Known for his cityscapes of London, Kossoff was born in the city in 1926 to Russian immigrant parents, the second of seven children, and grew up in the East End. “My father struggled to support us working as a baker, there wasn’t much culture in that world and artists were considered wastrels,” he told Kristine McKenna in a 1993 interview for the Los Angeles Times. One major formative moment was a visit aged nine to the National Gallery in London, where he saw Rembrandt’s painting A Woman Bathing in a Stream (around 1654).

“I don’t know what struck me about it because none of the other paintings in the National Gallery where I saw it interested me at all,” he said. “But somehow that painting opened up a whole world to me—not a world of painting so much as a way of feeling about life that I hadn’t experienced before.”

Leon Kossoff's Children’s Swimming Pool, 11 o’clock Saturday Morning, August 1969

Leon Kossoff’s Children’s Swimming Pool, 11 o’clock Saturday Morning, August 1969Photo courtesy of the Lewis Collection. © the Leon Kossoff Estate

Kossoff was evacuated in 1939 to Norfolk during the Second World War, and was also influenced by the work of the East Anglican watercolourists he saw there. He later served in the Jewish Infantry Brigade Group in Italy, Belgium and the Netherlands, and went on to enroll in Central Saint Martins in London in 1949, where he met Frank Auerbach. He also studied with David Bomberg at the Borough Polytechnic and at the Royal College of Art. He began showing at Helen Lessore’s Beaux Arts Gallery in 1956.

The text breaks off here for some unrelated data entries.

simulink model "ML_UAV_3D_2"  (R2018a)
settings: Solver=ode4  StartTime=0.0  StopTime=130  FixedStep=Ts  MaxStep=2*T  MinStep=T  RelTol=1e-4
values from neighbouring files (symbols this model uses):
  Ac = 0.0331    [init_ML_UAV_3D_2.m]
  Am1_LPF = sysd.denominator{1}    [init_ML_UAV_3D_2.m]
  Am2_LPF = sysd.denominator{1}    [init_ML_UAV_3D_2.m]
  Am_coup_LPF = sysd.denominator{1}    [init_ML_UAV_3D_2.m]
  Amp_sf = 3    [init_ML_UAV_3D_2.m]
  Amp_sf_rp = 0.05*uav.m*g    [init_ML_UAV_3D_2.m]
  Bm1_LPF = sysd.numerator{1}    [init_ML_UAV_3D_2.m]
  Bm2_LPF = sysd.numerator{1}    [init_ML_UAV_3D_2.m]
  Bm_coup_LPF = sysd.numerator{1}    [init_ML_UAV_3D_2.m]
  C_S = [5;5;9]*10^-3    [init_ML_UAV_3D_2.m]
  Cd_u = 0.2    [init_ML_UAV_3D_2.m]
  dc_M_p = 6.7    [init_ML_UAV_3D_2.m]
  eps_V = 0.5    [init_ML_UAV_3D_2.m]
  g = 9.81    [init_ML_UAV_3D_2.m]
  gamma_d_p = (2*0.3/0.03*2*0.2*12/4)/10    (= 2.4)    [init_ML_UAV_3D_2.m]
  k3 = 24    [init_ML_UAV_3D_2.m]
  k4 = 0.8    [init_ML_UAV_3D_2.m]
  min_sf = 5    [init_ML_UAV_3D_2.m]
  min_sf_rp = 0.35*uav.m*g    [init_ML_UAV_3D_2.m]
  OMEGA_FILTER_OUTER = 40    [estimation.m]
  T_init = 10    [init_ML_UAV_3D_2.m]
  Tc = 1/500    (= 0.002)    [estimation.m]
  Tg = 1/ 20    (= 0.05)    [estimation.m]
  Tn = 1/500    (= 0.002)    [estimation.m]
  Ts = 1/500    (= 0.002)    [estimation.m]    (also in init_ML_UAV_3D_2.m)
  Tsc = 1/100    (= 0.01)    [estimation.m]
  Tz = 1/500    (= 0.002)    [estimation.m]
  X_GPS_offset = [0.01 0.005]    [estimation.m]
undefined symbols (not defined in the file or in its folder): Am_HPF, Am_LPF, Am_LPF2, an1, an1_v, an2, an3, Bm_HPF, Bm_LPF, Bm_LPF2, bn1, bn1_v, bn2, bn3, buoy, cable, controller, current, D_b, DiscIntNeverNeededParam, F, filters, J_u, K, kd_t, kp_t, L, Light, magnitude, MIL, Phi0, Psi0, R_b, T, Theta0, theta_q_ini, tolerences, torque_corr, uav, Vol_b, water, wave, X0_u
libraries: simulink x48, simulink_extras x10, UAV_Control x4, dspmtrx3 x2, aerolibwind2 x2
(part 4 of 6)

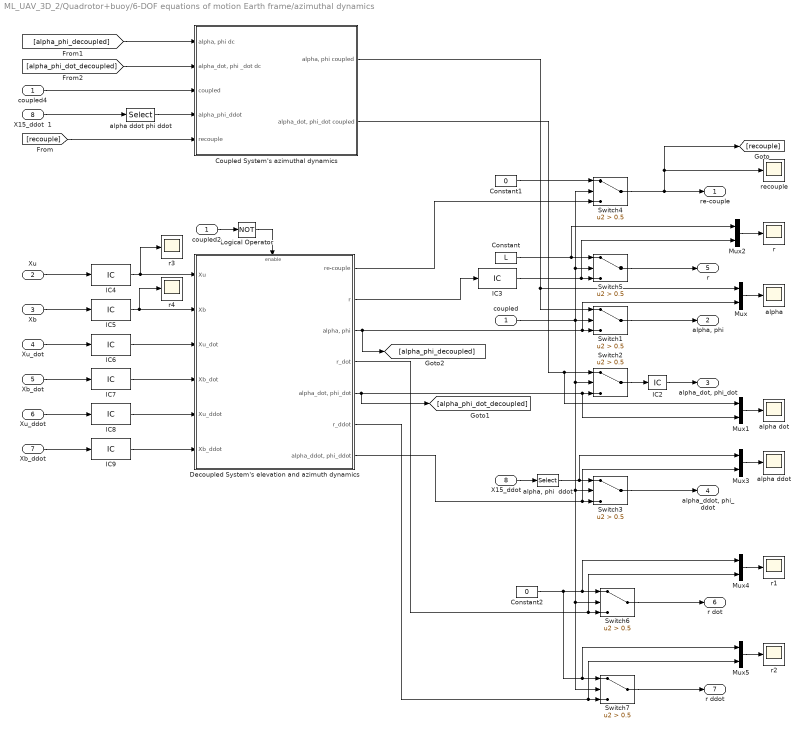
== system ML_UAV_3D_2/Quadrotor+buoy/6-DOF equations of motion Earth frame/azimuthal dynamics ==
  coupled : Inport
  Xu : Inport  Port=2
  Xb : Inport  Port=3
  "Xu_dot " : Inport  Port=4
  Xb_dot : Inport  Port=5
  Xu_ddot : Inport  Port=6
  "Xb_ddot   " : Inport  Port=7
  "X15_ddot  " : Inport  Port=8
  "    alpha ddot" : Scope
  "  alpha" : Scope
  "  alpha dot" : Scope
    r{,1..4} (5 alike) : Scope
  "  recouple   " : Scope
  Constant : Constant  Value=L
  Constant1 : Constant  Value=0
  Constant2 : Constant  Value=0
  Coupled System's azimuthal dynamics : Subsystem
  Decoupled System's elevation and azimuth dynamics : Subsystem  TreatAsAtomicUnit=on
  IC2 : InitialCondition  Value=0
  IC3 : InitialCondition  Value=r_0
  IC4 : InitialCondition  Value=pos_u_ini
  IC5 : InitialCondition  Value=pos_b_ini
  IC6 : InitialCondition  Value=v_u_ini
  IC7 : InitialCondition  Value=v_b_ini
  IC8 : InitialCondition  Value=[0; 0; 0]
  IC9 : InitialCondition  Value=[0; 0; 0]
  Logical Operator : Logic  Operator=NOT  AllPortsSameDT=off  OutDataTypeStr=boolean
  Mux{,1..5} (6 alike) : Mux  Inputs=2
  Switch{1..7} (7 alike) : Switch  Criteria=u2 > Threshold  Threshold=0.5
  X15_ddot  1 : InportShadow  Port=8
  alpha ddot phi ddot : Selector  InputPortWidth=5  IndexOptions=Index vector (dialog)  Indices=[4 5]  OutputSizes=1
  "alpha, phi  ddot" : Selector  InputPortWidth=5  IndexOptions=Index vector (dialog)  Indices=[4 5]  OutputSizes=1
  coupled2 : InportShadow
  coupled4 : InportShadow
  re-couple : Outport
  "alpha, phi" : Outport  Port=2
  "alpha_dot, phi_dot " : Outport  Port=3
  "alpha_ddot, phi_ddot" : Outport  Port=4
  "r " : Outport  Port=5
  r dot : Outport  Port=6
  r ddot : Outport  Port=7
  wires:
  coupled/1 -> Switch7/2, Switch6/2, Switch3/2, Switch2/2, Switch4/2, Switch5/2, Switch1/2
  "X15_ddot  "/1 -> "alpha, phi  ddot"/1
  Switch3/1 -> "alpha_ddot, phi_ddot"/1
  Coupled System's azimuthal dynamics/2("alpha_dot, phi_dot coupled") -> Switch2/1, Mux1/1
  Switch2/1 -> IC2/1
  Xb/1 -> IC5/1
  Xu/1 -> IC4/1
  alpha ddot phi ddot/1 -> Coupled System's azimuthal dynamics/4(alpha_phi_ddot)
  [alpha_phi_dot_decoupled] -> Coupled System's azimuthal dynamics/2("alpha_dot, phi _dot dc")
  coupled4/1 -> Coupled System's azimuthal dynamics/3(coupled)
  [alpha_phi_decoupled] -> Coupled System's azimuthal dynamics/1("alpha, phi dc")
  X15_ddot  1/1 -> alpha ddot phi ddot/1
  "Xu_dot "/1 -> IC6/1
  Xb_dot/1 -> IC7/1
  "Xb_ddot   "/1 -> IC9/1
  Xu_ddot/1 -> IC8/1
  coupled2/1 -> Logical Operator/1
  Switch5/1 -> "r "/1
  Constant/1 -> Switch5/1, Mux2/1
  Decoupled System's elevation and azimuth dynamics/2(r) -> IC3/1
  [recouple] -> Coupled System's azimuthal dynamics/5(recouple)
  Coupled System's azimuthal dynamics/1("alpha, phi coupled") -> Mux/1, Switch1/1
  Decoupled System's elevation and azimuth dynamics/7("alpha_ddot, phi_ddot") -> Mux3/2, Switch3/3
  Logical Operator/1 -> Decoupled System's elevation and azimuth dynamics/Enable
  Mux/1 -> "  alpha"/1
  Mux1/1 -> "  alpha dot"/1
  Decoupled System's elevation and azimuth dynamics/5("alpha_dot, phi_dot") -> Mux1/2, Switch2/3, [alpha_phi_dot_decoupled]
  Mux2/1 -> "  r"/1
  Decoupled System's elevation and azimuth dynamics/1(re-couple) -> Switch4/3
  Mux3/1 -> "    alpha ddot"/1
  "alpha, phi  ddot"/1 -> Mux3/1, Switch3/1
  Switch4/1 -> [recouple], "  recouple   "/1, re-couple/1
  Constant1/1 -> Switch4/1
  Switch1/1 -> "alpha, phi"/1
  IC2/1 -> "alpha_dot, phi_dot "/1
  Mux4/1 -> "  r1"/1
  Switch6/1 -> r dot/1
  Decoupled System's elevation and azimuth dynamics/4(r_dot) -> Mux4/2, Switch6/3
  Decoupled System's elevation and azimuth dynamics/6(r_ddot) -> Switch7/3, Mux5/2
  Constant2/1 -> Switch7/1, Mux5/1, Mux4/1, Switch6/1
  Switch7/1 -> r ddot/1
  Mux5/1 -> "  r2"/1
  IC3/1 -> Mux2/2, Switch5/3
  IC4/1 -> "  r3"/1, Decoupled System's elevation and azimuth dynamics/1(Xu)
  IC6/1 -> Decoupled System's elevation and azimuth dynamics/3(Xu_dot)
  IC7/1 -> Decoupled System's elevation and azimuth dynamics/4(Xb_dot)
  IC8/1 -> Decoupled System's elevation and azimuth dynamics/5(Xu_ddot)
  IC9/1 -> Decoupled System's elevation and azimuth dynamics/6(Xb_ddot)
  Decoupled System's elevation and azimuth dynamics/3("alpha, phi") -> Switch1/3, Mux/2, [alpha_phi_decoupled]
  IC5/1 -> "  r4"/1, Decoupled System's elevation and azimuth dynamics/2(Xb)

== system ML_UAV_3D_2/Quadrotor+buoy/6-DOF equations of motion Earth frame/buoyancy ==
  z_b : Inport
  zeta : Inport  Port=2
  Constant : Constant  Commented=on  Value=g*rho_w*l_b*R_b
  Manual Switch : ManualSwitch  CurrentSetting=0
  Product : Product  Commented=on
  Scope1 : Scope  Commented=on
  Scope3 : Scope  Commented=on
  V_im cuboid : Subsystem
  f(z_b,zeta) cylinder : Subsystem  Commented=on
  two connected cylindrical buoys : Gain  Commented=on  Gain=2
  two connected cylindrical buoys1 : Gain  Commented=on  Gain=l_b*R_b
  two connected cylindrical buoys2 : Gain  Commented=on  Gain=2
  V_im : Outport
  wires:
  z_b/1 -> V_im cuboid/2(zb), f(z_b,zeta) cylinder/2(zb)
  zeta/1 -> V_im cuboid/1(zeta), f(z_b,zeta) cylinder/1(zeta)
  Product/1 -> two connected cylindrical buoys/1
  Constant/1 -> Scope1/1, Product/2
  f(z_b,zeta) cylinder/1(Out1) -> two connected cylindrical buoys1/1, Product/1, Scope3/1
  Manual Switch/1 -> V_im/1
  V_im cuboid/1(Vol_im) -> Manual Switch/2
  two connected cylindrical buoys1/1 -> two connected cylindrical buoys2/1
  two connected cylindrical buoys2/1 -> Manual Switch/1

== system ML_UAV_3D_2/Quadrotor+buoy/6-DOF equations of motion Earth frame/elevation and azimuth angles to Direction Cosine Matrix Spherical to Cartesian ==
  "alpha, phi" : Inport
  -s_alpha*c_phi : Fcn  Expr=-u(1)*u(4)
  -s_alpha*s_phi : Fcn  Expr=-u(1)*u(2)
  -s_phi : Fcn  Expr=-u(2)
  Ground : Ground
  Mux : Mux  Inputs=2
  Subsystem : Subsystem
  c_alpha : Fcn  Expr=u(3)
  c_alpha*c_phi : Fcn  Expr=u(3)*u(4)
  c_alpha*s_phi : Fcn  Expr=u(3)*u(2)
  c_phi : Fcn  Expr=u(4)
  s_alpha : Fcn  Expr=u(1)
  sincos : Trigonometry  Operator=sincos
  DCM : Outport  PortDimensions=[3,3]
  wires:
  -s_alpha*c_phi/1 -> Subsystem/2(In2)
  -s_phi/1 -> Subsystem/3(In3)
  Subsystem/1(Out1) -> DCM/1
  c_alpha/1 -> Subsystem/8(In8)
  sincos/2 -> Mux/2
  s_alpha/1 -> Subsystem/7(In7)
  c_alpha*s_phi/1 -> Subsystem/4(In4)
  Ground/1 -> Subsystem/9(In9)
  Mux/1 -> c_alpha*s_phi/1, s_alpha/1, c_alpha/1, c_phi/1, -s_alpha*s_phi/1, -s_phi/1, -s_alpha*c_phi/1, c_alpha*c_phi/1
  -s_alpha*s_phi/1 -> Subsystem/5(In5)
  c_alpha*c_phi/1 -> Subsystem/1(In1)
  c_phi/1 -> Subsystem/6(In6)
  sincos/1 -> Mux/1
  "alpha, phi"/1 -> sincos/1

== system ML_UAV_3D_2/Quadrotor+buoy/6-DOF equations of motion Earth frame/u123 ==
  u1 : Inport
  euler_u : Inport  Port=2
  V_im : Inport  Port=3
  a_p : Inport  Port=4
  coupled : Inport  Port=5
  -s_alpha*c_phi : Fcn  Expr=-u(1)*u(4)
  -s_alpha*s_phi : Fcn  Expr=-u(1)*u(2)
  Add : Sum
  Add1 : Sum  Inputs=3
  Constant1 : Constant  Value=rho_w*g
  Constant2 : Constant  Commented=on  Value=Vol_b/2
  F_B : Product
  Gain : Gain  Gain=L
  Gain1 : Gain  Gain=L
  Mux : Mux  Inputs=2
  Mux1 : Mux  Inputs=2
  Mux2 : Mux  Inputs=3
  Product1 : Product  Inputs=3  SaturateOnIntegerOverflow=on  InputSameDT=on  OutDataTypeStr=Inherit: Same as first input
  Product{2..10} (9 alike) : Product  Inputs=**  SaturateOnIntegerOverflow=on  InputSameDT=on  OutDataTypeStr=Inherit: Same as first input
  Product11 : Product  Inputs=3  SaturateOnIntegerOverflow=on  InputSameDT=on  OutDataTypeStr=Inherit: Same as first input
  Scope{1..4,9} (5 alike) : Scope
  Signal Specification2 : SignalSpecification  Dimensions=5
  Sum1 : Sum  Inputs=|++  SaturateOnIntegerOverflow=on
  Vector Concatenate3 : Concatenate  NumInputs=5
  c_alpha : Fcn  Expr=u(3)
  c_phi : Fcn  Expr=u(4)
  c_phi c_theta : Fcn  Expr=u(4)*u(5)
  coupled1 : InportShadow  Port=5
  s_phi : Fcn  Expr=-u(2)
  s_theta c_psi + s_phi c_theta s_psi : Fcn  Expr=u(1)*u(5)*u(3) + u(2)*u(6)
  s_theta s_psi - s_phi c_theta c_psi : Fcn  Expr=-u(1)*u(5)*u(6) + u(2)*u(3)
  sincos : Trigonometry  Operator=sincos
  sincos1 : Trigonometry  Operator=sincos
  "u1 " : InportShadow
  u15 : Outport
  R_u_3 : Outport  Port=2
  wires:
  Product7/1 -> Sum1/1
  Product2/1 -> Product7/1, Product3/1, Product6/1
  Product1/1 -> Vector Concatenate3/4
  Vector Concatenate3/1 -> Scope9/1, Signal Specification2/1
  Product6/1 -> Vector Concatenate3/1
  Sum1/1 -> Vector Concatenate3/3
  F_B/1 -> Sum1/2
  V_im/1 -> F_B/1
  Gain/1 -> Product1/2
  Constant1/1 -> F_B/2
  Signal Specification2/1 -> u15/1
  coupled/1 -> Product2/1
  u1/1 -> Product2/2
  "u1 "/1 -> Product11/3, Product1/3
  Mux/1 -> c_phi c_theta/1, s_theta s_psi - s_phi c_theta c_psi/1, s_theta c_psi + s_phi c_theta s_psi/1
  sincos/1 -> Mux/1
  sincos/2 -> Mux/2
  euler_u/1 -> sincos/1
  s_theta c_psi + s_phi c_theta s_psi/1 -> Product9/1, Scope3/1, Product4/1, Mux2/1, Product6/2  "R_31"
  s_theta s_psi - s_phi c_theta c_psi/1 -> Scope4/1, Product10/1, Product5/1, Mux2/2, Product3/2  "R_32"
  Product3/1 -> Vector Concatenate3/2
  c_phi c_theta/1 -> Product8/1, Mux2/3, Product7/2  "R_33"
  a_p/1 -> sincos1/1
  sincos1/1 -> Mux1/1
  sincos1/2 -> Mux1/2
  Mux1/1 -> c_phi/1, s_phi/1, c_alpha/1, -s_alpha*s_phi/1, -s_alpha*c_phi/1
  -s_alpha*c_phi/1 -> Product4/2
  Product4/1 -> Add1/1
  Product5/1 -> Add1/2
  -s_alpha*s_phi/1 -> Product5/2
  Product8/1 -> Add1/3
  c_alpha/1 -> Product8/2
  Product9/1 -> Scope2/1, Add/1
  Product10/1 -> Scope1/1, Add/2
  s_phi/1 -> Product9/2
  c_phi/1 -> Product10/2
  Add1/1 -> Gain/1
  coupled1/1 -> Product11/1, Product1/1
  Gain1/1 -> Product11/2
  Product11/1 -> Vector Concatenate3/5
  Add/1 -> Gain1/1
  Mux2/1 -> R_u_3/1

== system ML_UAV_3D_2/Sensors and Filters/Coupling detection by r/Coupling state ==
  r_est : Inport
  re_couple : Inport  Port=2
  Data Type Conversion : DataTypeConversion  OutDataTypeStr=double
  Delay10 : Delay  DelayLength=1  InitialCondition=0
  IC3 : InitialCondition  Value=0
  IC5 : InitialCondition  Value=0
  MATLAB Function : MATLAB Function  TreatAsAtomicUnit=on
  "T, r,xu,xb1" : Scope
  break algebraic loop : Delay  DelayLength=1  InitialCondition=1
  cable length with safety margine1 : simulink/Logic and Bit Operations/Compare To Constant  relop=>=  const=cable.L_0-0.05  OutDataTypeStr=boolean
  "is coupled " : Scope
  is coupled -1 : Scope
  pos tension : Scope
  positive tension : Scope
  "re_couple " : Scope
  state detector : Scope
  is coupled : Outport
  wires:
  Delay10/1 -> is coupled -1/1, MATLAB Function/3(coupled)
  IC5/1 -> is coupled/1, Delay10/1
  MATLAB Function/1(is_coupled) -> IC5/1, "is coupled "/1
  break algebraic loop/1 -> pos tension/1, MATLAB Function/1(pos_T)
  re_couple/1 -> MATLAB Function/2(re_couple), "re_couple "/1
  MATLAB Function/2(c) -> state detector/1
  Data Type Conversion/1 -> positive tension/1, break algebraic loop/1
  IC3/1 -> Data Type Conversion/1
  cable length with safety margine1/1 -> IC3/1
  r_est/1 -> "T, r,xu,xb1"/1, cable length with safety margine1/1

== system ML_UAV_3D_2/Sensors and Filters/Data processing/Estimate Attitude ==
  Acc : Inport
  q : Inport  Port=2
  Euler : Inport  Port=3
  Calculate Roll and Pitch (From Acceleration Data) : Subsystem
  Constant : Constant  Value=Ts
  Demux : Demux  Outputs=2
  Ground : Ground
  High Pass Filter1 : DiscreteTransferFcn  Numerator=Bm_HPF  Denominator=Am_HPF
  Kalman Filter - Pitch : MATLAB Function  TreatAsAtomicUnit=on
  Manual Switch1 : ManualSwitch  CurrentSetting=0
  Mux : Mux  Inputs=3
  Mux2 : Mux  Inputs=2
  Mux5 : Mux  Inputs=2
  Notch Filter1 : Subsystem
  Scope1 : Scope
  Signal Specification : SignalSpecification  Dimensions=1
  theta : Scope
  q_g : Outport
  q_f : Outport  Port=2
  " pitch" : Outport  Port=3
  wires:
  q/1 -> High Pass Filter1/1, Mux2/2
  Notch Filter1/2(q) -> Kalman Filter - Pitch/2(gyro_rate), q_f/1
  Calculate Roll and Pitch (From Acceleration Data)/1(pitch_acc (rad)) -> Kalman Filter - Pitch/1(acc_angle)
  Signal Specification/1 -> " pitch"/1  "Kalman"
  Euler/1 -> Mux5/1, Kalman Filter - Pitch/3(opti_angle)  "pitch"
  Constant/1 -> Kalman Filter - Pitch/4(dt)
  Acc/1 -> Demux/1
  Notch Filter1/1(y) -> Manual Switch1/2
  High Pass Filter1/1 -> Manual Switch1/1, Notch Filter1/1(u), Mux2/1
  Mux2/1 -> Scope1/1
  Kalman Filter - Pitch/1(angle) -> Mux5/2, Signal Specification/1
  Mux/1 -> Calculate Roll and Pitch (From Acceleration Data)/1(accel (m/s^2) [3])
  Demux/1 -> Mux/1
  Demux/2 -> Mux/3
  Ground/1 -> Mux/2
  Manual Switch1/1 -> q_g/1
  Mux5/1 -> theta/1

== system ML_UAV_3D_2/Sensors and Filters/Data processing/Estimate Position ==
  OptiTrack : Inport
  "pitch, Kalman" : Inport  Port=2
  Sonar : Inport  Port=3
  2nd Order Filter : Subsystem
  2nd Order Filter2 : Subsystem
  2nd Order Filter4 : Subsystem
  2nd Order Filter5 : Subsystem
  Constant4 : Constant  Value=Tc
  Demux2 : Demux
  Extrapolation - x : MATLAB Function  TreatAsAtomicUnit=on
  Extrapolation - z : MATLAB Function  TreatAsAtomicUnit=on
  Height est : Scope
  Height est1 : Scope
  Kalman Filter - Height : MATLAB Function  TreatAsAtomicUnit=on
  Manual Switch : ManualSwitch  CurrentSetting=0
  Mux : Mux  Inputs=2
  Mux1 : Mux  Inputs=2
  Mux2 : Mux  Inputs=3
  Mux3 : Mux  Inputs=3
  Mux4 : Mux  Inputs=3
  Notch Filter2 : Subsystem
  Position : Selector  InputPortWidth=5  IndexOptions=Index vector (dialog)  Indices=[1 2 4 5]  OutputSizes=1
  Signal Conditioning - Sonar : Subsystem
  Signal Specification : SignalSpecification  Dimensions=2
  Signal Specification1 : SignalSpecification  Dimensions=2
  Step Size : Constant  Value=Tc
  Step Size1 : Constant  Value=X0_u(1)
  Step Size2 : Constant  Value=X0_u(2)
  Step Size3 : Constant  Value=X0_u(2)
  Terminator1 : Terminator
  Terminator2 : Terminator
  Thrust1 : Scope
  Thrust11 : Scope
  V_est : Scope  Commented=on
  X_est : Scope  Commented=on
  Xe : Outport
  Ve : Outport  Port=2
  wires:
  Demux2/1 -> Mux3/1, Extrapolation - x/1(xin)
  2nd Order Filter5/2(yd) -> [height_rate_Kalman]
  Demux2/3 -> Extrapolation - x/4(new), Extrapolation - z/4(new)  "New Data"
  Constant4/1 -> Kalman Filter - Height/3(dt)
  Extrapolation - x/1(xout) -> Mux3/2, 2nd Order Filter/1(u)
  2nd Order Filter/1(y) -> Mux3/3, Mux/1
  2nd Order Filter4/2(yd) -> Kalman Filter - Height/2(sonar_d)
  2nd Order Filter2/1(y) -> Mux4/3, Kalman Filter - Height/1(optitrack), Mux2/2
  Sonar/1 -> Signal Conditioning - Sonar/1(sonar (m))
  2nd Order Filter4/1(y) -> Terminator1/1
  Signal Conditioning - Sonar/1(calib sonar (m)) -> Mux2/1, 2nd Order Filter4/1(u)
  Step Size/1 -> Extrapolation - z/3(dt), Extrapolation - x/3(dt)
  Position/1 -> Demux2/1
  Demux2/2 -> Mux4/1, Extrapolation - z/1(xin)
  2nd Order Filter5/1(y) -> Terminator2/1
  Mux/1 -> Signal Specification/1  "Xe IMU or GPS"
  [height_rate_Kalman] -> Mux1/2
  Demux2/4 -> Extrapolation - x/5(isTracking), Extrapolation - z/5(isTracking)  "Is Tracking"
  Mux2/1 -> Height est/1
  Mux1/1 -> Signal Specification1/1  "Ve IMU or GPS"
  OptiTrack/1 -> Thrust1/1, Position/1
  Mux3/1 -> Thrust11/1
  2nd Order Filter2/2(yd) -> Extrapolation - z/2(xdotin)
  Notch Filter2/1(y) -> Manual Switch/2
  2nd Order Filter/2(yd) -> Notch Filter2/1(u), Manual Switch/1, Extrapolation - x/2(xdotin)
  Manual Switch/1 -> Mux1/1
  Signal Specification/1 -> Xe/1, X_est/1
  Signal Specification1/1 -> Ve/1, V_est/1
  Kalman Filter - Height/1(height) -> [height_Kalman], Mux2/3, 2nd Order Filter5/1(u)
  [height_Kalman] -> Mux/2
  "pitch, Kalman"/1 -> Signal Conditioning - Sonar/2(pitch (rad))
  Mux4/1 -> Height est1/1
  Extrapolation - z/1(xout) -> Mux4/2, 2nd Order Filter2/1(u)
  Step Size1/1 -> Extrapolation - x/6(x0)
  Step Size2/1 -> Extrapolation - z/6(x0)
  Step Size3/1 -> Kalman Filter - Height/4(x0)

== system ML_UAV_3D_2/Sensors and Filters/Sensors/ Sonar (10Hz) (true elevation instead real sonar signal) ==
  note: "Smooth" out the Sonar data
  note: Resample the 10Hz Sonar Data
  sonar (m) : Inport
  FOH1 : Subsystem  mask{Ts=0.1}
      mask prompts: Ts "Sample Time"
  IC : InitialCondition  Value=X0_u(2)
  Rate Transition : RateTransition  InitialCondition=X0_u(2)
  Sampler : Subsystem  mask{Ts=0.1}
      mask prompts: Ts "Sample Time"
  calib sonar (m) : Outport
  wires:
  Sampler/1(Out1) -> Rate Transition/1
  Rate Transition/1 -> FOH1/1(Input)
  sonar (m)/1 -> Sampler/1(In1)
  FOH1/1(Output) -> IC/1
  IC/1 -> calib sonar (m)/1

== system ML_UAV_3D_2/Sensors and Filters/Sensors/Accelerometer (500Hz) ==
  Ab : Inport
  "Ab " : Scope  Commented=on
  Demux1 : Demux  Outputs=2
  From File : FromFile  FileName=acc_x_noise.mat  SampleTime=Tz
  From File2 : FromFile  FileName=acc_z_noise.mat  SampleTime=Tz
  IC : InitialCondition  Value=[0 0]
  Manual Switch{,2,4,6} (4 alike) : ManualSwitch
  Mux1 : Mux  Inputs=2
  Mux2 : Mux  Inputs=2
  Product : Product  SaturateOnIntegerOverflow=on  RndMeth=Zero  InputSameDT=on  OutDataTypeStr=Inherit: Same as first input
  Product2 : Product  SaturateOnIntegerOverflow=on  RndMeth=Zero  InputSameDT=on  OutDataTypeStr=Inherit: Same as first input
  Slider Gain : simulink/Math Operations/Slider Gain  gain=1  low=0  high=2
  Slider Gain2 : simulink/Math Operations/Slider Gain  gain=1  low=0  high=2
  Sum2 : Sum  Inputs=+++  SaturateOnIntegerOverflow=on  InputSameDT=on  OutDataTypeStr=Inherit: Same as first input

Kossoff worked in a very thickly impasto style in a muted, somewhat sombre palette. He returned to familiar subjects throughout his career, like Christ Church in Spitalfields and Kilburn tube station, as well as making works with Old Masters such as Nicholas Poussin and his early inspiration as a jumping-off point and portraits of those close to him. “His lyrical paintings of swimming pools, city churches, railway junctions, underground stations and back gardens testify to his delight in the world around him—a world full of change, loss, survival and renewal, all of which he orchestrates into paintings of extraordinary density and feeling,” Annely Juda Fine Art says in a statement. “So too with his paintings of people—friends, family, nudes and Londoners going about their ordinary business—all brought to life through Kossoff’s vivid and energetic handling of paint.”

Kossoff represented Britain at the 1995 Venice Biennale. The following year, he had a major retrospective at the Tate in London. He has shown at institutions including the National Gallery and Whitechapel in London; the Los Angeles County Museum of Art and the J. Paul Getty Museum in Los Angeles; the Museum of Modern Art in New York; the Lousiana Museum of Modern art in Humlebæk; the Kunstmuseum Luzern; the Düsseldorf Kunstverein and the Stedelijk Museum in Amsterdam. He also taught at the Regent Street Polytechnic and the Chelsea School of Art. Most recently, Kossoff had a solo exhibition, A London Life, at Piano Nobile gallery in London, which closed in May.

“His death robs us of one of Britain’s greatest painters, but his work reminds us of the continuing potency of painting to comprehend the world in which we live,” Annely Juda Fine Art says.